The gut microbiome promotes mitochondrial respiration in the brain of a Parkinson’s disease mouse model

The pathophysiology of Parkinson’s disease (PD) involves gene-environment interactions that impair various cellular processes such as autophagy, lysosomal function, or mitochondrial dysfunction. Specifically, mitochondria-associated gene mutations increase PD risk, mitochondrial respiration is altered in the PD brain, and mitochondrial-damaging toxins cause PD-like motor and gastrointestinal symptoms in animal models. The gut microbiome is altered in PD patients and represents an environmental risk, however a relationship between mitochondrial function and the microbiome in PD has not been previously established.

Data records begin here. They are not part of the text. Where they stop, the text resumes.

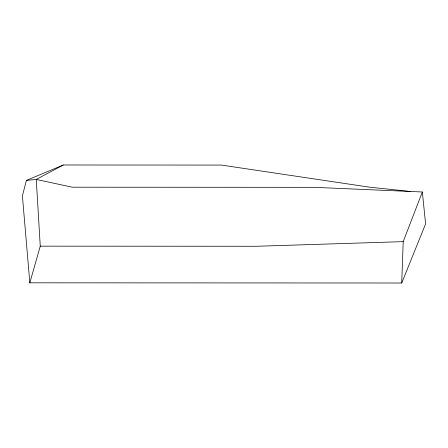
<?xml version="1.0" encoding="UTF-8"?>
<svg xmlns="http://www.w3.org/2000/svg" width="448" height="448" viewBox="0 0 448 448"><rect width="100%" height="100%" fill="white"/><g stroke="black" fill="none" stroke-linecap="round" stroke-linejoin="round"><path stroke-width="0.67" d="M401.722 283.007L403.211 241.634L422.341 191.985L313.953 187.326L72.274 187.202L36.26 179.435L26.41 180.398L22.4 195.821L29.826 282.817L401.722 283.007L425.6 223.938L422.341 191.985M29.826 282.817L40.258 246.154L36.26 179.435L63.302 164.993L221.435 165.077L369.628 187.186L410.34 191.47M26.41 180.398L63.302 164.993M403.211 241.634L256.62 246.266L40.258 246.154"/></g></svg>
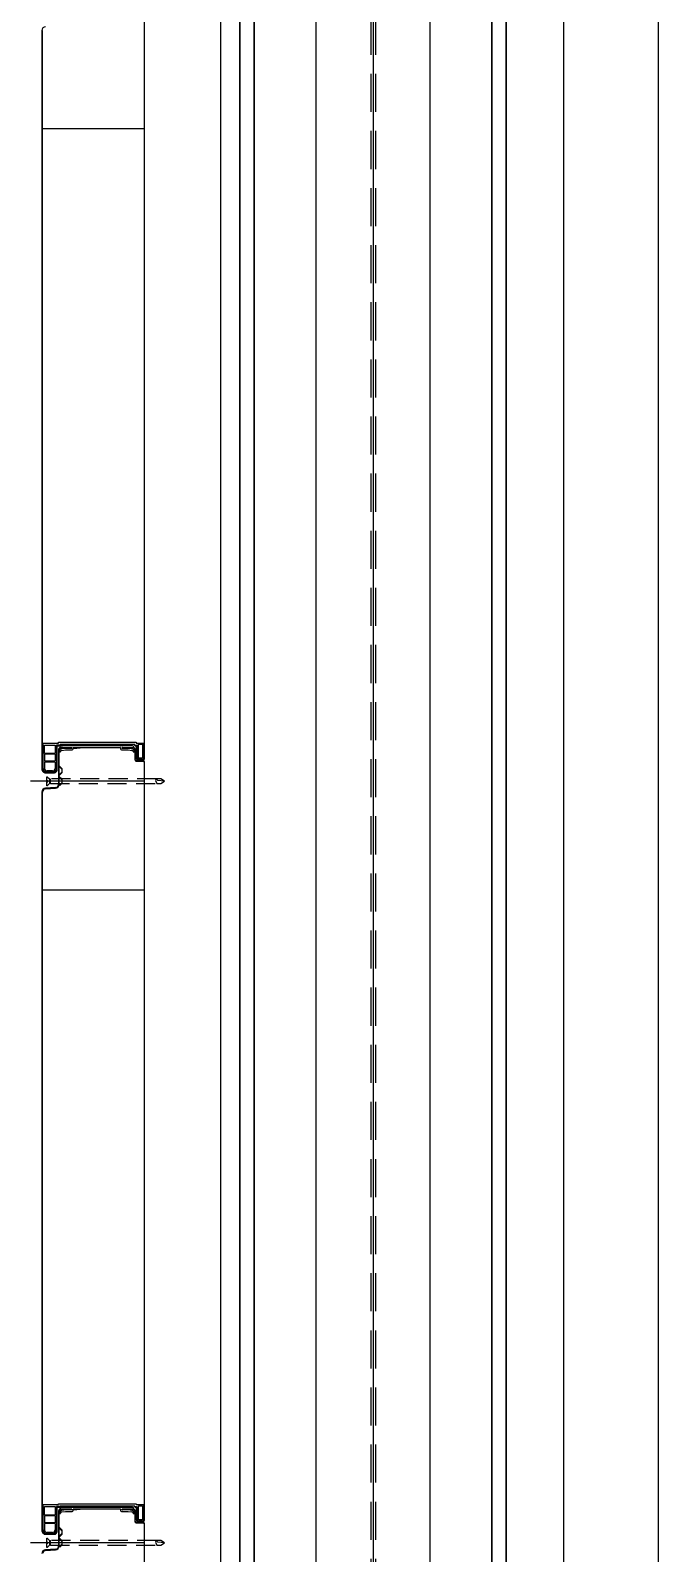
# Model space of a CAD drawing. Header units: millimetres. Extents: x 0 to 268175, y 0 to 74250.
# Drawn here: x 62880 to 63705, y 21682 to 23682 of the extents above; entities that cross this region are included whole.
import ezdxf

# ---------------------------------------------------------------- set-up
doc = ezdxf.new("R2010")
doc.units = ezdxf.units.MM
doc.header["$LTSCALE"] = 200
doc.linetypes.add('CEN-GAUN', pattern=[32.2, 30, -1, 0.2, -1])
doc.linetypes.add('HIDDEN', pattern=[0.375, 0.25, -0.125])
doc.layers.add('1 CEN', color=15, linetype='CEN-GAUN')
doc.layers.add('BA', color=9, linetype='Continuous')

msp = doc.modelspace()

# ---------------------------------------------------------------- linework, layer by layer
at = {"layer": '1 CEN'}
msp.add_line((63329.9, 32695.7), (63329.9, 15535.7), dxfattribs=at)
at = {"layer": 'BA'}
for p, q in [((63129.9, 18695.7), (63129.9, 26695.7)), ((63579.9, 24913.2), (63579.9, 18695.7)), ((63704.9, 18695.7), (63704.9, 24913.2)), ((63154.9, 24695.7), (63154.9, 18695.7)), ((63154.9, 18695.7), (63154.9, 24695.7)), ((63173.9, 24695.7), (63173.9, 18695.7)), ((63173.9, 24695.7), (63173.9, 18695.7)), ((63173.9, 18695.7), (63173.9, 24695.7)), ((63485.9, 18695.7), (63485.9, 24695.7)), ((63485.9, 18695.7), (63485.9, 24695.7)), ((63485.9, 24695.7), (63485.9, 18695.7)), ((63504.9, 18695.7), (63504.9, 24695.7)), ((63504.9, 24695.7), (63504.9, 18695.7)), ((63254.9, 24299.7), (63254.9, 18695.7)), ((63404.9, 18695.7), (63404.9, 24299.7)), ((62896.5, 22712.7), (62896.5, 22745.9)), ((62896.5, 22745.9), (62916.9, 22745.9)), ((62896.5, 22712.7), (62896.5, 22745.9)), ((62896.5, 22745.9), (62916.9, 22745.9)), ((62898.2, 22732.2), (62898.2, 22743.2)), ((62898.2, 22743.2), (62912.2, 22743.2)), ((62912.2, 22743.2), (62912.2, 22732.2)), ((62914, 22741.9), (62914, 22712.7)), ((62914, 22741.9), (62914, 22712.7)), ((62918.9, 22742.9), (62915, 22742.9)), ((62918.9, 22742.9), (62915, 22742.9)), ((62916.9, 22745.9), (62916.9, 22746.9)), ((62916.9, 22746.9), (63018.8, 22746.9)), ((62916.9, 22745.9), (62916.9, 22746.9)), ((62916.9, 22746.9), (63018.8, 22746.9)), ((62918.5, 22740.2), (62918.5, 22740.1)), ((62918.5, 22740.2), (62918.5, 22740.1)), ((63016.8, 22743.9), (62918.9, 22743.9)), ((62918.9, 22743.9), (62918.9, 22742.9)), ((63016.8, 22743.9), (62918.9, 22743.9)), ((62918.9, 22743.9), (62918.9, 22742.9)), ((62918.9, 22739.8), (62920.5, 22740.2)), ((62918.9, 22739.8), (62920.5, 22740.2)), ((62962.2, 22742.2), (62920.5, 22742.2)), ((62962.2, 22742.2), (62920.5, 22742.2)), ((62920.5, 22740.2), (62933.6, 22740.2)), ((62920.5, 22740.2), (62933.6, 22740.2)), ((62936.1, 22738.8), (62950, 22740.2)), ((62936.6, 22740.2), (62962.2, 22740.2)), ((62936.6, 22740.2), (62962.2, 22740.2)), ((63013.8, 22742.2), (62962.2, 22742.2)), ((63013.8, 22742.2), (62962.2, 22742.2)), ((62962.2, 22740.2), (62997.7, 22740.2)), ((62962.2, 22740.2), (62997.7, 22740.2)), ((63000.7, 22740.2), (63013.8, 22740.2)), ((63000.7, 22740.2), (63013.8, 22740.2)), ((63013.8, 22740.2), (63015.4, 22739.8)), ((63013.8, 22740.2), (63015.4, 22739.8)), ((63015.8, 22740.1), (63015.8, 22740.2)), ((63015.8, 22740.1), (63015.8, 22740.2)), ((63016.8, 22742.9), (63016.8, 22743.9)), ((63016.8, 22742.9), (63016.8, 22743.9)), ((63019.3, 22742.9), (63016.8, 22742.9)), ((63019.3, 22742.9), (63016.8, 22742.9)), ((63018.8, 22746.9), (63018.8, 22745.9)), ((63018.8, 22746.9), (63018.8, 22745.9)), ((63018.8, 22745.9), (63028.5, 22745.9)), ((63018.8, 22745.9), (63028.5, 22745.9)), ((63020.3, 22726.8), (63020.3, 22741.9)), ((63020.3, 22726.8), (63020.3, 22741.9)), ((63021.9, 22744.3), (63026.9, 22744.3)), ((63021.9, 22726.8), (63021.9, 22744.3)), ((63026.9, 22744.3), (63026.9, 22726.8)), ((63028.5, 22745.9), (63028.5, 22726.8)), ((63028.5, 22745.9), (63028.5, 22726.8)), ((62912.2, 22732.2), (62898.2, 22732.2)), ((62898.2, 22731.2), (62898.2, 22722)), ((62912.2, 22731.2), (62898.2, 22731.2)), ((62912.2, 22722), (62898.2, 22722)), ((62898.2, 22721), (62898.2, 22712.7)), ((62912.2, 22721), (62898.2, 22721)), ((62912.2, 22731.2), (62912.2, 22722)), ((62912.2, 22721), (62912.2, 22712.7)), ((62917.7, 22737.1), (62918.8, 22737.2)), ((62918, 22734.7), (62917.7, 22734.8)), ((62918, 22735.2), (62918, 22734.7)), ((62918, 22735.2), (62918, 22734.7)), ((62918, 22734.7), (62918, 22734.5)), ((62918, 22734.7), (62918, 22734.5)), ((62918.3, 22734.2), (62919.2, 22734.2)), ((62918.3, 22734.2), (62919.2, 22734.2)), ((62919.5, 22734.5), (62919.5, 22734.7)), ((62919.5, 22734.5), (62919.5, 22734.7)), ((62926, 22738.9), (62921, 22738.2)), ((62926, 22738.9), (62921, 22738.2)), ((62921, 22736.2), (62926, 22736.9)), ((62921, 22736.2), (62926, 22736.9)), ((62933.6, 22738.9), (62926, 22738.9)), ((62933.6, 22738.9), (62926, 22738.9)), ((62926, 22736.9), (62934.6, 22736.9)), ((62926, 22736.9), (62934.6, 22736.9)), ((62934.1, 22739.7), (62934.1, 22739.4)), ((62934.1, 22739.7), (62934.1, 22739.4)), ((62936.1, 22738.4), (62936.1, 22739.7)), ((62936.1, 22738.4), (62936.1, 22739.7)), ((62998.2, 22739.7), (62998.2, 22738.4)), ((62998.2, 22739.7), (62998.2, 22738.4)), ((62999.7, 22736.9), (63008.2, 22736.9)), ((62999.7, 22736.9), (63008.2, 22736.9)), ((63000.2, 22739.4), (63000.2, 22739.7)), ((63000.2, 22739.4), (63000.2, 22739.7)), ((63008.2, 22738.9), (63000.7, 22738.9)), ((63008.2, 22738.9), (63000.7, 22738.9)), ((63013.2, 22738.2), (63008.2, 22738.9)), ((63013.2, 22738.2), (63008.2, 22738.9)), ((63008.2, 22736.9), (63013.2, 22736.2)), ((63008.2, 22736.9), (63013.2, 22736.2)), ((63014.7, 22734.7), (63014.7, 22734.5)), ((63014.7, 22734.7), (63014.7, 22734.5)), ((63015, 22734.2), (63015.9, 22734.2)), ((63015, 22734.2), (63015.9, 22734.2)), ((63016.2, 22734.7), (63016.2, 22735.2)), ((63016.2, 22734.7), (63016.2, 22735.2)), ((63016.2, 22734.5), (63016.2, 22734.7)), ((63016.2, 22734.5), (63016.2, 22734.7)), ((63026, 22725.9), (63022.8, 22725.9)), ((63026, 22724.3), (63022.8, 22724.3)), ((63026, 22724.3), (63022.8, 22724.3)), ((62909, 22707.7), (62901.5, 22707.7)), ((62909, 22707.7), (62901.5, 22707.7)), ((62908.9, 22709.3), (62901.6, 22709.3)), ((63029.9, 22695.7), (62879.9, 22695.7)), ((63029.9, 22695.7), (62879.9, 22695.7)), ((62896.5, 21712.7), (62896.5, 21745.9)), ((62896.5, 21745.9), (62916.9, 21745.9)), ((62896.5, 21712.7), (62896.5, 21745.9)), ((62896.5, 21745.9), (62916.9, 21745.9)), ((62898.2, 21732.2), (62898.2, 21743.2)), ((62898.2, 21743.2), (62912.2, 21743.2)), ((62912.2, 21743.2), (62912.2, 21732.2)), ((62914, 21741.9), (62914, 21712.7)), ((62914, 21741.9), (62914, 21712.7)), ((62918.9, 21742.9), (62915, 21742.9)), ((62918.9, 21742.9), (62915, 21742.9)), ((62916.9, 21745.9), (62916.9, 21746.9)), ((62916.9, 21746.9), (63018.8, 21746.9)), ((62916.9, 21745.9), (62916.9, 21746.9)), ((62916.9, 21746.9), (63018.8, 21746.9)), ((62918.5, 21740.2), (62918.5, 21740.1)), ((62918.5, 21740.2), (62918.5, 21740.1)), ((63016.8, 21743.9), (62918.9, 21743.9)), ((62918.9, 21743.9), (62918.9, 21742.9)), ((63016.8, 21743.9), (62918.9, 21743.9)), ((62918.9, 21743.9), (62918.9, 21742.9)), ((62918.9, 21739.8), (62920.5, 21740.2)), ((62918.9, 21739.8), (62920.5, 21740.2)), ((62962.2, 21742.2), (62920.5, 21742.2)), ((62962.2, 21742.2), (62920.5, 21742.2)), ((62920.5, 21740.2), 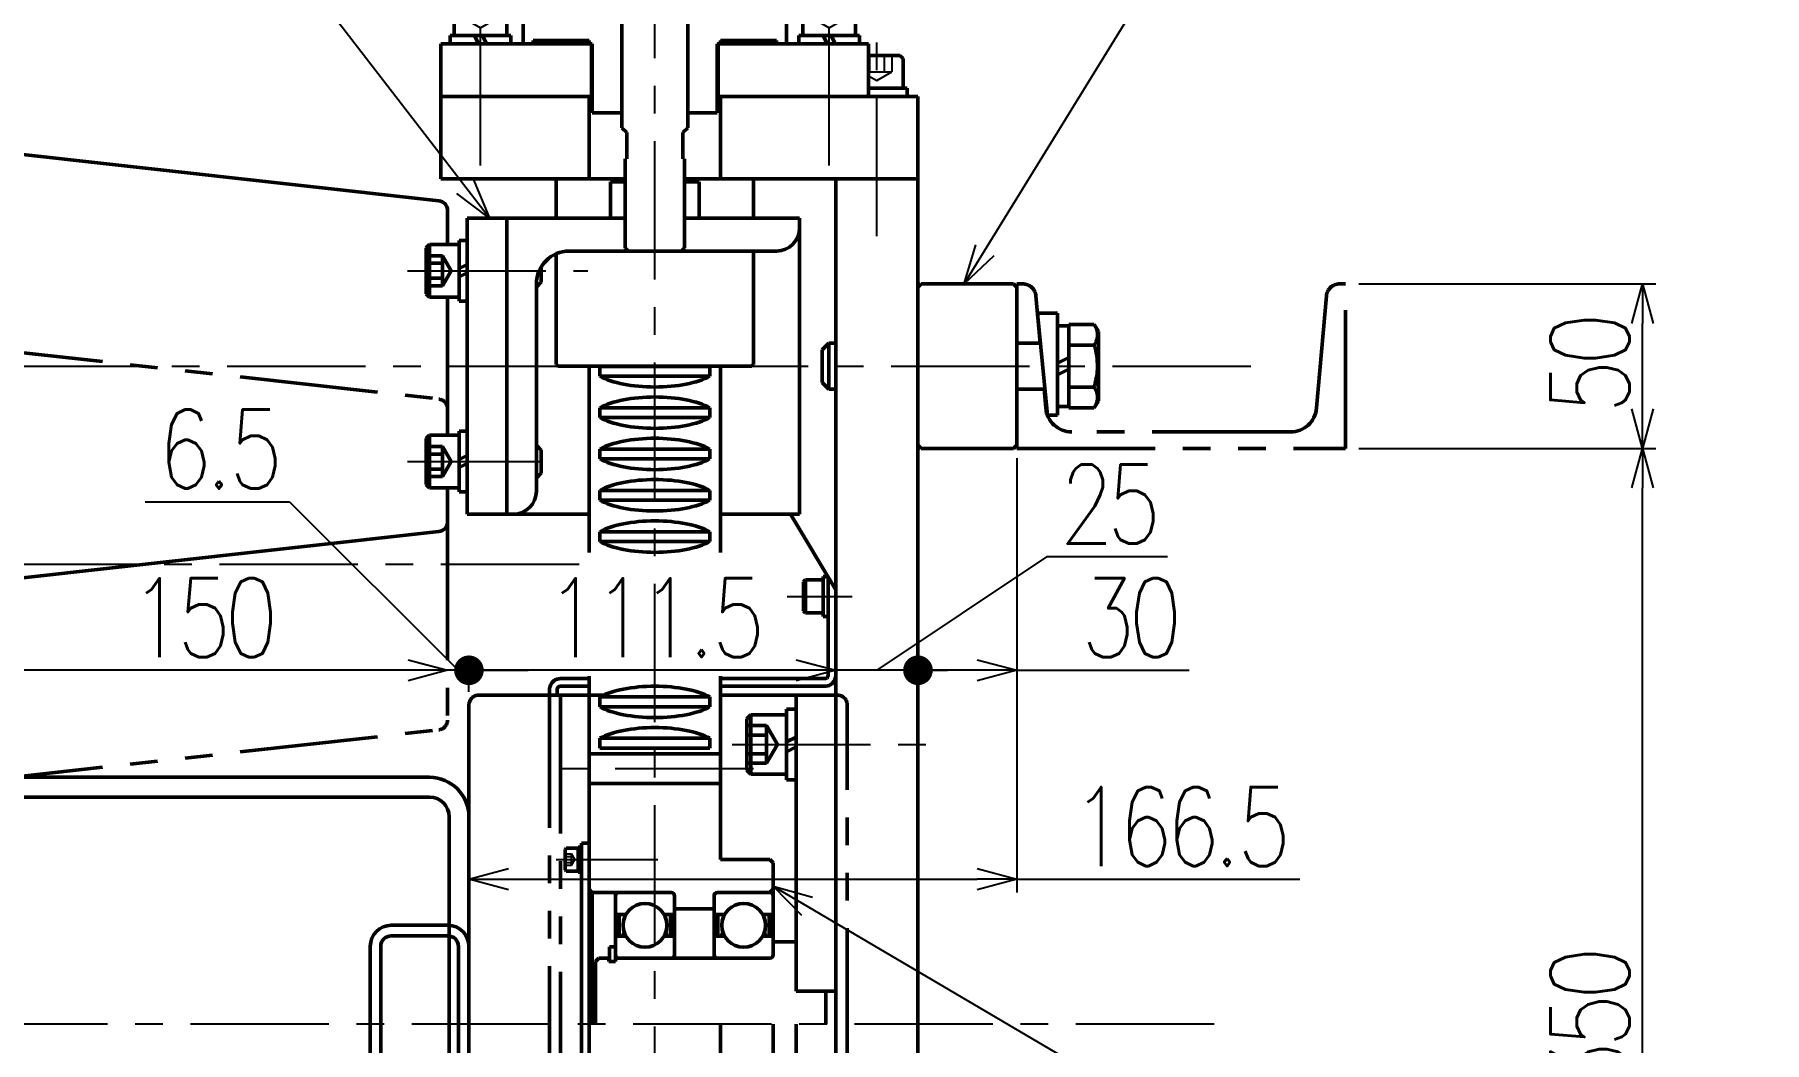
# Model space of a CAD drawing. Header units: millimetres. Extents: x 541 to 1553, y -2294 to 1811.
# Drawn here: x 839 to 1365, y -1513 to -1207 of the extents above; entities that cross this region are included whole.
import ezdxf

# ---------------------------------------------------------------- set-up
doc = ezdxf.new("R2010")
doc.units = ezdxf.units.MM
doc.header["$LTSCALE"] = 1.324409
for name, pattern in [('CENTER', [50.8, 31.75, -6.35, 6.35, -6.35]), ('DASHED', [19.05, 12.7, -6.35]), ('PHANTOM', [63.5, 31.75, -6.35, 6.35, -6.35, 6.35, -6.35])]:
    doc.linetypes.add(name, pattern=pattern)
for name, color, linetype in [('NoLayerName_001', 7, 'Continuous'), ('NoLayerName_002', 7, 'Continuous'), ('NoLayerName_003', 7, 'Continuous')]:
    doc.layers.add(name, color=color, linetype=linetype)
doc.styles.get("Standard").update_dxf_attribs({"font": 'txt', "bigfont": 'extfont2'})
doc.dimstyles.get("Standard").update_dxf_attribs({"dimtxt": 2.5, "dimasz": 2.5, "dimexe": 1.25, "dimexo": 0.625, "dimtad": 1, "dimdec": 3, "dimzin": 0, "dimdsep": 46, "dimtxsty": 'Standard', "dimcen": 2.5, "dimadec": 0, "dimazin": 0, "dimtfac": 0.75, "dimtdec": 3, "dimtmove": 0, "dimatfit": 3, "dimfxl": 1, "dimarcsym": 0})

# ---------------------------------------------------------------- blocks, each defined once
blk = doc.blocks.new('_OPEN30')
at = {"color": 0, "linetype": 'ByBlock', "lineweight": -2}
for p, q in [((-1, 0.267949), (0, 0)), ((0, 0), (-1, -0.267949)), ((0, 0), (-1, 0))]:
    blk.add_line(p, q, dxfattribs=at)
blk = doc.blocks.new('*D560')
at = {"layer": 'Defpoints', "color": 0}
for p in [(814.21, -1374.43), (814.21, -1400.22), (964.21, -1415.36)]:
    blk.add_point(p, dxfattribs=at)
at = {"layer": 'NoLayerName_001', "color": 0, "linetype": 'Continuous', "lineweight": 25}
blk.add_line((952.21, -1400.22), (826.21, -1400.22), dxfattribs=at)
at = {"layer": 'NoLayerName_001', "color": 0, "lineweight": 25, "xscale": 12, "yscale": 12, "zscale": 12, "rotation": 180}
blk.add_blockref('_OPEN30', (814.21, -1400.22), dxfattribs=at)
at = {"layer": 'NoLayerName_001', "color": 0, "lineweight": 25, "xscale": 12, "yscale": 12, "zscale": 12}
blk.add_blockref('_OPEN30', (964.21, -1400.22), dxfattribs=at)
at = {"layer": 'NoLayerName_001', "color": 2, "lineweight": 50, "insert": (889.21, -1384.22), "char_height": 24, "attachment_point": 5}
blk.add_mtext('\\W0.8000;\\T0.8750;150', dxfattribs=at)
blk = doc.blocks.new('*D562')
at = {"layer": 'Defpoints', "color": 0}
for p in [(1137.21, -1331.76), (1107.21, -1400.22), (1107.21, -1507.76)]:
    blk.add_point(p, dxfattribs=at)
at = {"layer": 'NoLayerName_001', "color": 0, "linetype": 'Continuous', "lineweight": 25}
for p, q in [((1137.21, -1335.76), (1137.21, -1404.22)), ((1125.21, -1400.22), (1107.21, -1400.22)), ((1137.21, -1400.22), (1189.61, -1400.22))]:
    blk.add_line(p, q, dxfattribs=at)
at = {"layer": 'NoLayerName_001', "color": 0, "lineweight": 25, "xscale": 12, "yscale": 12, "zscale": 12}
blk.add_blockref('_OPEN30', (1137.21, -1400.22), dxfattribs=at)
at = {"layer": 'NoLayerName_001', "color": 2, "lineweight": 50, "insert": (1171.21, -1384.22), "char_height": 24, "attachment_point": 5}
blk.add_mtext('\\W0.8000;\\T0.8750;30', dxfattribs=at)
blk = doc.blocks.new('_NONE')
blk = doc.blocks.new('_DOT')
at = {"color": 0, "linetype": 'ByBlock', "lineweight": -2}
blk.add_line((-0.5, 0), (-1, 0), dxfattribs=at)
at = {"color": 0, "linetype": 'ByBlock', "lineweight": -2, "const_width": 0.5}
blk.add_lwpolyline([(-0.25, 0, 1), (0.25, 0, 1)], format="xyb", close=True, dxfattribs=at)
blk = doc.blocks.new('*D564')
at = {"layer": 'Defpoints', "color": 0}
for p in [(1082.21, -1400.22), (1082.21, -1400.22), (1107.21, -1507.76)]:
    blk.add_point(p, dxfattribs=at)
at = {"layer": 'NoLayerName_001', "color": 0, "linetype": 'Continuous', "lineweight": 25}
for p, q in [((1146.28, -1365.71), (1094.71, -1400.22)), ((1183.08, -1365.71), (1146.28, -1365.71)), ((1082.21, -1396.22), (1082.21, -1396.22)), ((1073.21, -1400.22), (1064.21, -1400.22)), ((1107.21, -1400.22), (1082.21, -1400.22))]:
    blk.add_line(p, q, dxfattribs=at)
at = {"layer": 'NoLayerName_001', "color": 0, "lineweight": 25, "xscale": 9, "yscale": 9, "zscale": 9}
blk.add_blockref('_OPEN30', (1082.21, -1400.22), dxfattribs=at)
at = {"layer": 'NoLayerName_001', "color": 0, "lineweight": 25, "xscale": 9, "yscale": 9, "zscale": 9, "rotation": 180}
blk.add_blockref('_DOT', (1107.21, -1400.22), dxfattribs=at)
at = {"layer": 'NoLayerName_001', "color": 2, "lineweight": 50, "insert": (1164.68, -1349.71), "char_height": 24, "attachment_point": 5}
blk.add_mtext('\\W0.8000;\\T0.8750;25', dxfattribs=at)
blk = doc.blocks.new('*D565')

Herein, we report that striatal mitochondria are functionally overactive in α-synuclein-overexpressing (ASO) mice, a model of PD, and that microbiome depletion restores respiration and mitochondria-associated gene expression patterns to wild-type levels. ASO mice harboring a complex microbiome produce increased reactive oxygen species in the striatum whereas germ-free counterparts express elevated levels of antioxidant proteins that may buffer against oxidative damage. Indeed, antioxidant treatment improves motor performance in ASO mice and, remarkably, blocking oxidant scavenging in germ-free mice induces α-synuclein-dependent motor deficits. Thus, the gut microbiome increases mitochondrial respiration and oxidative stress in the brain, which enhances motor symptoms in a mouse model of PD.